• _Data records_:
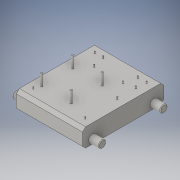
# Autodesk Inventor part: chassis
Saved by Autodesk Inventor 2016 (Build 200138000, 138)
## iProperties
Created: 2016-12-09
Part Number: chassis
Material: Generic
Document SubType Name: Modeling
Designer: lachesis
Density: 1 g/cm^3
Appearance: Default
Author: lachesis
Autodesk Inventor part; units mm, degrees
ref_plane "YZ Plane" through (0, 0, 0) normal (1, 0, 0) x (0, 1, 0)
ref_plane "XZ Plane" through (0, 0, 0) normal (0, 1, 0) x (-1, 0, 0)
ref_plane "XY Plane" through (0, 0, 0) normal (0, 0, 1) x (1, 0, 0)
sketch "Sketch1" plane through (0, 0, 0) normal (0, 1, 0) x (-1, 0, 0)
  line L0 (100.7745, 123.6) -> (-100.7745, 123.6)
  line L1 (-100.7745, 123.6) -> (-100.7745, -123.6)
  line L2 (-100.7745, -123.6) -> (100.7745, -123.6)
  line L3 (100.7745, -123.6) -> (100.7745, 123.6)
  point P0 (0, 0)
  point P1 (100.7745, 0)
  point P2 (0, 123.6)
  dimension "d0" = 247.2
  dimension "d1" = 201.549
  constraints: 8 end point, 2 midpoint, 2 parallel, 1 horizontal, 1 horizontal alignment, 1 perpendicular, 1 vertical alignment
  measures "d0" distance between parallel lines of L2 L0
  measures "d1" distance between parallel lines of L1 L3
extrude "Extrusion1" add sketch "Sketch1" along normal blind 56.4
sketch "Sketch3" plane through (100.7745, 0, 123.6) normal (1, 0, 0) x (0, 0, -1)
  circle A0 centre (30.111, 15.25) radius 11.25
  circle A1 centre (217.089, 15.25) radius 11.25
  line L0 (247.2, 0) -> (0, 0) projected
  line L1 (0, 0) -> (0, 56.4) projected
  line L2 (247.2, 56.4) -> (0, 56.4) projected
  line L3 (247.2, 0) -> (247.2, 56.4) projected
  point P0 (123.6, 0)
  dimension "d12" = 4
  dimension "d13" = 4
  dimension "d50" = 30.111
  dimension "d51" = 15.25
  dimension "d52" = 15.25
  dimension "d53" = 30.111
  constraints: 2 centre point
  measures "d12" distance edge to line of A0 L0
  measures "d13" distance edge to line of A1 L0
  measures "d50" distance from line of L1 A0.centre
  measures "d51" distance from line of A0.centre L0
  measures "d52" distance from line of L0 A1.centre
  measures "d53" distance from line of L3 A1.centre
extrude "Extrusion3" add sketch "Sketch3" along normal blind 30.94 contours A0 | A1
sketch "Sketch5" plane through (-100.7745, 0, -123.6) normal (-1, 0, 0) x (0, 0, 1)
  circle A0 centre (217.089, 15.25) radius 11.25 projected
  circle A1 centre (30.111, 15.25) radius 11.25 projected
  circle A2 centre (30.111, 15.25) radius 11.25
  circle A3 centre (217.089, 15.25) radius 11.25
  point P0 (123.6, 0)
  constraints: 2 centre point, 2 coincident, 2 concentric
extrude "Extrusion5" add sketch "Sketch5" along normal blind 30.94
sketch "Sketch8" plane through (100.7745, 0, 123.6) normal (1, 0, 0) x (0, 0, -1)
  line L0 (0, 0) -> (0, 56.4) projected
  line L1 (0, 47.0005) -> (9.3472, 56.4)
  line L2 (0, 9.3995) -> (9.3472, 0)
  line L3 (0, 56.4) -> (247.2, 56.4) projected
  line L4 (237.8528, 56.4) -> (247.2, 47.0005)
  line L5 (247.2, 0) -> (247.2, 56.4) projected
  line L6 (247.2, 9.3995) -> (237.8528, 0)
  line L7 (0, 0) -> (247.2, 0) projected
  point P0 (123.6, 0)
  dimension "d22" = 13.256
  dimension "d23" = 135.16
  dimension "d24" = 135.16
  dimension "d25" = 135.16
  dimension "d26" = 135.16
  constraints: 8 end point, 8 point on line, 3 equal length
  measures "d22" distance of L1.start L1.end
  measures "d23" angle of L0 L1
  measures "d24" angle of L0 L2
  measures "d25" angle of L5 L6
  measures "d26" angle of L5 L4
extrude "Extrusion6" cut sketch "Sketch8" against normal through all contours L0 L2 L7 | L0 L3 L1 | L6 L5 L7 | L3 L5 L4
sketch "Sketch9" plane through (0, 56.4, 0) normal (0, 1, 0) x (1, 0, 0)
  circle A0 centre (78.9745, -93.586) radius 1.651
  line L0 (100.7745, -123.6) -> (-100.7745, -123.6) projected
  line L1 (100.7745, -114.2528) -> (100.7745, 114.2528) projected
  circle A1 centre (78.9745, 93.586) radius 1.651
  circle A2 centre (-78.9745, 93.586) radius 1.651
  circle A3 centre (-78.9745, -93.586) radius 1.651
  line L2 (-100.7745, 123.6) -> (100.7745, 123.6) projected
  line L3 (-100.7745, 114.2528) -> (-100.7745, -114.2528) projected
  point P0 (0, 0)
  dimension "d29" = 30.014
  dimension "d30" = 21.8
  dimension "d31" = 3.302
  dimension "d32" = 3.302
  dimension "d33" = 3.302
  dimension "d34" = 3.302
  dimension "d35" = 21.8
  dimension "d36" = 30.014
  dimension "d37" = 21.8
  dimension "d38" = 30.014
  dimension "d39" = 21.8
  dimension "d40" = 30.014
  constraints: 4 centre point
  measures "d29" distance from line of A0.centre L0
  measures "d30" distance from line of A0.centre L1
  measures "d31" diameter of A0
  measures "d32" diameter of A1
  measures "d33" diameter of A2
  measures "d34" diameter of A3
  measures "d35" distance from line of L1 A1.centre
  measures "d36" distance from line of L2 A1.centre
  measures "d37" distance from line of L3 A2.centre
  measures "d38" distance from line of L2 A2.centre
  measures "d39" distance from line of L3 A3.centre
  measures "d40" distance from line of L0 A3.centre
extrude "Extrusion7" add sketch "Sketch9" along normal blind 4.763
sketch "Sketch10" plane through (0, 56.4, 0) normal (0, 1, 0) x (1, 0, 0)
  circle A0 centre (76.4345, 63.106) radius 1.905
  circle A1 centre (76.4345, 6.591) radius 1.905
  line L0 (100.7745, -114.2528) -> (100.7745, 114.2528) projected
  line L1 (-100.7745, 123.6) -> (100.7745, 123.6) projected
  point P0 (0, 0)
  dimension "d43" = 24.34
  dimension "d44" = 3.81
  dimension "d45" = 3.81
  dimension "d46" = 60.494
  dimension "d47" = 56.515
  constraints: 2 centre point, 1 vertical alignment
  measures "d43" distance from line of L0 A0.centre
  measures "d44" diameter of A0
  measures "d45" diameter of A1
  measures "d46" distance from line of A0.centre L1
  measures "d47" distance of A1.centre A0.centre
extrude "Extrusion8" add sketch "Sketch10" along normal blind 6.35
fillet "Fillet1" radius 2 4 edges at (131.7145, 15.25, 104.739) (131.7145, 15.25, -82.239) (-131.7145, 15.25, -104.739) (-131.7145, 15.25, 82.239)
sketch "Sketch11" plane through (0, 56.4, 0) normal (0, 1, 0) x (1, 0, 0)
  circle A0 centre (76.4345, 63.106) radius 1.905 projected
  circle A1 centre (76.4345, 6.591) radius 1.905 projected
  circle A2 centre (-78.9745, 93.586) radius 1.651 projected
  circle A3 centre (78.9745, -93.586) radius 1.651 projected
  circle A4 centre (78.9745, 93.586) radius 1.651 projected
  circle A5 centre (-78.9745, -93.586) radius 1.651 projected
  line L0 (100.7745, 114.2528) -> (-100.7745, 114.2528) projected
  line L1 (-100.7745, 114.2528) -> (-100.7745, -114.2528) projected
  line L2 (-100.7745, -114.2528) -> (100.7745, -114.2528) projected
  line L3 (100.7745, -114.2528) -> (100.7745, 114.2528) projected
  circle A6 centre (-43.9615, 56.5758) radius 1.651
  circle A7 centre (-52.8515, 92.6438) radius 1.651
  circle A8 centre (52.8815, 92.6438) radius 1.651
  circle A9 centre (43.9915, 56.5758) radius 1.651
  point P0 (0, 0)
  dimension "d58" = 21.609
  dimension "d62" = 21.609
  dimension "d63" = 3.302
  dimension "d79" = 87.953
  dimension "d80" = 105.733
  dimension "d81" = 36.068
  dimension "d82" = 36.068
  dimension "d83" = 47.893
  dimension "d84" = 56.783
  constraints: 4 centre point, 3 equal radius
  measures "d58" distance from line of A7.centre L0
  measures "d62" distance from line of L0 A8.centre
  measures "d63" diameter of A6
  measures "d79" distance of A9.centre A6.centre
  measures "d80" distance of A8.centre A7.centre
  measures "d81" vertical distance of A6.centre A7.centre
  measures "d82" vertical distance of A9.centre A8.centre
  measures "d83" distance from line of A8.centre L3
  measures "d84" distance from line of A9.centre L3
extrude "Extrusion9" add sketch "Sketch11" along normal blind 6.35 contours A6 | A7 | A8 | A9
sketch "Sketch12" plane through (0, 56.4, 0) normal (0, 1, 0) x (1, 0, 0)
  circle A0 centre (52.8815, 92.6438) radius 1.651 projected
  circle A1 centre (-43.9615, 56.5758) radius 1.651 projected
  circle A2 centre (-52.8515, 92.6438) radius 1.651 projected
  circle A3 centre (43.9915, 56.5758) radius 1.651 projected
  circle A4 centre (76.4345, 63.106) radius 1.905 projected
  circle A5 centre (76.4345, 6.591) radius 1.905 projected
  circle A6 centre (-78.9745, 93.586) radius 1.651 projected
  circle A7 centre (78.9745, -93.586) radius 1.651 projected
  circle A8 centre (78.9745, 93.586) radius 1.651 projected
  circle A9 centre (-78.9745, -93.586) radius 1.651 projected
  line L0 (100.7745, 114.2528) -> (-100.7745, 114.2528) projected
  line L1 (-100.7745, 114.2528) -> (-100.7745, -114.2528) projected
  line L2 (-100.7745, -114.2528) -> (100.7745, -114.2528) projected
  line L3 (100.7745, -114.2528) -> (100.7745, 114.2528) projected
  circle A10 centre (-72.8345, 20.3292) radius 2.9845
  circle A11 centre (17.0815, 20.3292) radius 2.9845
  circle A12 centre (17.0815, -74.1588) radius 2.9845
  circle A13 centre (-72.8345, -74.1588) radius 2.9845
  point P0 (0, 0)
  dimension "d66" = 27.94
  dimension "d67" = 27.94
  dimension "d68" = 117.856
  dimension "d69" = 117.856
  dimension "d70" = 40.094
  dimension "d71" = 40.094
  dimension "d74" = 5.969
  dimension "d77" = 94.488
  dimension "d78" = 94.488
  constraints: 4 centre point, 3 equal radius
  measures "d66" distance from line of A10.centre L1
  measures "d67" distance from line of A13.centre L1
  measures "d68" distance from line of A11.centre L1
  measures "d69" distance from line of A12.centre L1
  measures "d70" distance from line of A13.centre L2
  measures "d71" distance from line of A12.centre L2
  measures "d74" diameter of A10
  measures "d77" distance of A10.centre A13.centre
  measures "d78" distance of A12.centre A11.centre
extrude "Extrusion10" add sketch "Sketch12" along normal blind 34.922 contours A10 | A11 | A12 | A13
equation "\"d13\" = d12"
equation "\"d52\" = d51"
equation "\"d53\" = d50"
equation "\"d24\" = d23"
equation "\"d25\" = d23"
equation "\"d26\" = d23"
equation "\"d32\" = d31"
equation "\"d33\" = d31"
equation "\"d34\" = d31"
equation "\"d35\" = d30"
equation "\"d36\" = d29"
equation "\"d37\" = d30"
equation "\"d38\" = d29"
equation "\"d39\" = d30"
equation "\"d40\" = d29"
equation "\"d45\" = d44"
equation "\"d62\" = d58"
equation "\"d82\" = d81"
equation "\"d67\" = d66"
equation "\"d69\" = d68"
equation "\"d71\" = d70"
equation "\"d78\" = d77"
body "Solid1"
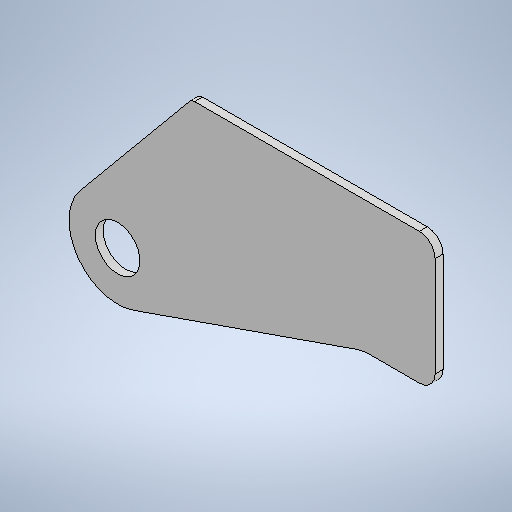
# Autodesk Inventor part: NDM-VOS Пятка под стойки
Saved by Autodesk Inventor 2025 (Build 290162010, 162A)
## iProperties
Created: 2024-07-01
Part Number: NDM-VOS Пятка под стойки
Material: Stainless Steel
Document SubType Name: Sheet Metal
Designer: pokla
Stock Number: МОО 901 базовая пластина
Mass: 271.203 g
Surface Area: 241.038 cm^2
Volume: 33.9004 cm^3
Density: 8 g/cm^3
Flat Pattern Width: 11.9182 cm
Flat Pattern Length: 12.6176 cm
Flat Pattern Area: 150.379 cm^2
Sheet Metal Rule: AISI304 4mm Die 32
Sheet Metal Width: 119,182 mm
Sheet Metal Length: 126,176 mm
Sheet Metal Area: 15037,931 mm^2
Appearance: Default
Author: pokla
Autodesk Inventor part; units mm, degrees
ref_plane "YZ Plane" through (0, 0, 0) normal (1, 0, 0) x (0, 1, 0)
ref_plane "XZ Plane" through (0, 0, 0) normal (0, 1, 0) x (-1, 0, 0)
ref_plane "XY Plane" through (0, 0, 0) normal (0, 0, 1) x (1, 0, 0)
sketch "Sketch1" plane through (0, 0, 0) normal (0, 1, 0) x (-1, 0, 0)
  line L0 (40, 20) -> (-40, 20) construction
  line L1 (-40, 20) -> (-40, -20) construction
  line L2 (-40, -20) -> (40, -20) construction
  line L3 (40, -20) -> (40, 20) construction
  line L4 (-40, 20) -> (40, -20) construction
  line L5 (0, 20) -> (0, -20) construction
  line L6 (-45, -25) -> (-45, 0)
  line L7 (-20, -25) -> (-45, -25)
  arc A0 (69.6915, -55.359) -> (90.0175, -26.0792) centre (75.7771, -37.8885) ccw
  circle A1 centre (75.7771, -37.8885) radius 8.5
  line L8 (69.6915, -55.359) -> (-15.0657, -25.8348)
  arc A2 (-15.0657, -25.8348) -> (-20, -25) centre (-20, -40) ccw
  arc A3 (90.0175, -26.0792) -> (69.6915, -55.359) centre (75.7771, -37.8885) ccw construction
  line L9 (-45, 0) -> (-45, 25)
  line L10 (-45, 25) -> (46.484, 25)
  line L11 (40, 0) -> (45, 0) construction
  line L12 (0, 20) -> (0, 25) construction
  line L13 (-40, 0) -> (-45, 0) construction
  line L14 (47.6585, 25) -> (48.4083, 24.0959) construction
  arc A4 (48.4083, 24.0959) -> (46.484, 25) centre (46.484, 22.5) ccw
  arc A5 (46.484, 25) -> (48.4083, 24.0959) centre (46.484, 22.5) ccw construction
  line L15 (48.4083, 24.0959) -> (90.0175, -26.0792)
  line L16 (46.484, 25) -> (47.6585, 25) construction
  point P0 (0, 0)
  point P1 (0, 0)
  point P2 (0, 0)
  dimension "d2" = 80
  dimension "d3" = 40
  dimension "d29" = 5
  dimension "d30" = 17
  dimension "d31" = 10
  dimension "d32" = 40
  dimension "d34" = 5
  dimension "d35" = 15
  dimension "d36" = 25
  dimension "d38" = 5
  dimension "d41" = 66.3579
  measures "d2" distance of L2.end L1.end
  measures "d3" distance of L1.end L0.end
  measures "d29" distance between parallel lines of L6 L1
  measures "d30" diameter of A1
  measures "d31" radial gap between concentric circles of A0 A1
  measures "d32" distance of L2.end A1.centre
  measures "d34" distance between parallel lines of L2 L7
  measures "d35" radius of A2
  measures "d36" distance of L7.start L6.start
  measures "d38" diameter of A4
  measures "d41" distance of L15.end L14.start
extrude "Plate1" add sketch "Sketch1" along normal blind 3
fillet "Corner Round3" radius 6 2 edges at (45, 1.5, 25) (45, 1.5, -25)
equation "\"d34\" = d29"
equation "\"d6\" = Thickness"
equation "\"Thickness\" = 3"
body "Solid1"

• _To do_:
Please give back exactly the lines of this listing beginning at the line with "circle A8 centre (78.9745, 93.586)" and ending with the line with "of A12.centre L2", both included, and nothing else.

• _Response to the task_:
  circle A8 centre (78.9745, 93.586) radius 1.651 projected
  circle A9 centre (-78.9745, -93.586) radius 1.651 projected
  line L0 (100.7745, 114.2528) -> (-100.7745, 114.2528) projected
  line L1 (-100.7745, 114.2528) -> (-100.7745, -114.2528) projected
  line L2 (-100.7745, -114.2528) -> (100.7745, -114.2528) projected
  line L3 (100.7745, -114.2528) -> (100.7745, 114.2528) projected
  circle A10 centre (-72.8345, 20.3292) radius 2.9845
  circle A11 centre (17.0815, 20.3292) radius 2.9845
  circle A12 centre (17.0815, -74.1588) radius 2.9845
  circle A13 centre (-72.8345, -74.1588) radius 2.9845
  point P0 (0, 0)
  dimension "d66" = 27.94
  dimension "d67" = 27.94
  dimension "d68" = 117.856
  dimension "d69" = 117.856
  dimension "d70" = 40.094
  dimension "d71" = 40.094
  dimension "d74" = 5.969
  dimension "d77" = 94.488
  dimension "d78" = 94.488
  constraints: 4 centre point, 3 equal radius
  measures "d66" distance from line of A10.centre L1
  measures "d67" distance from line of A13.centre L1
  measures "d68" distance from line of A11.centre L1
  measures "d69" distance from line of A12.centre L1
  measures "d70" distance from line of A13.centre L2
  measures "d71" distance from line of A12.centre L2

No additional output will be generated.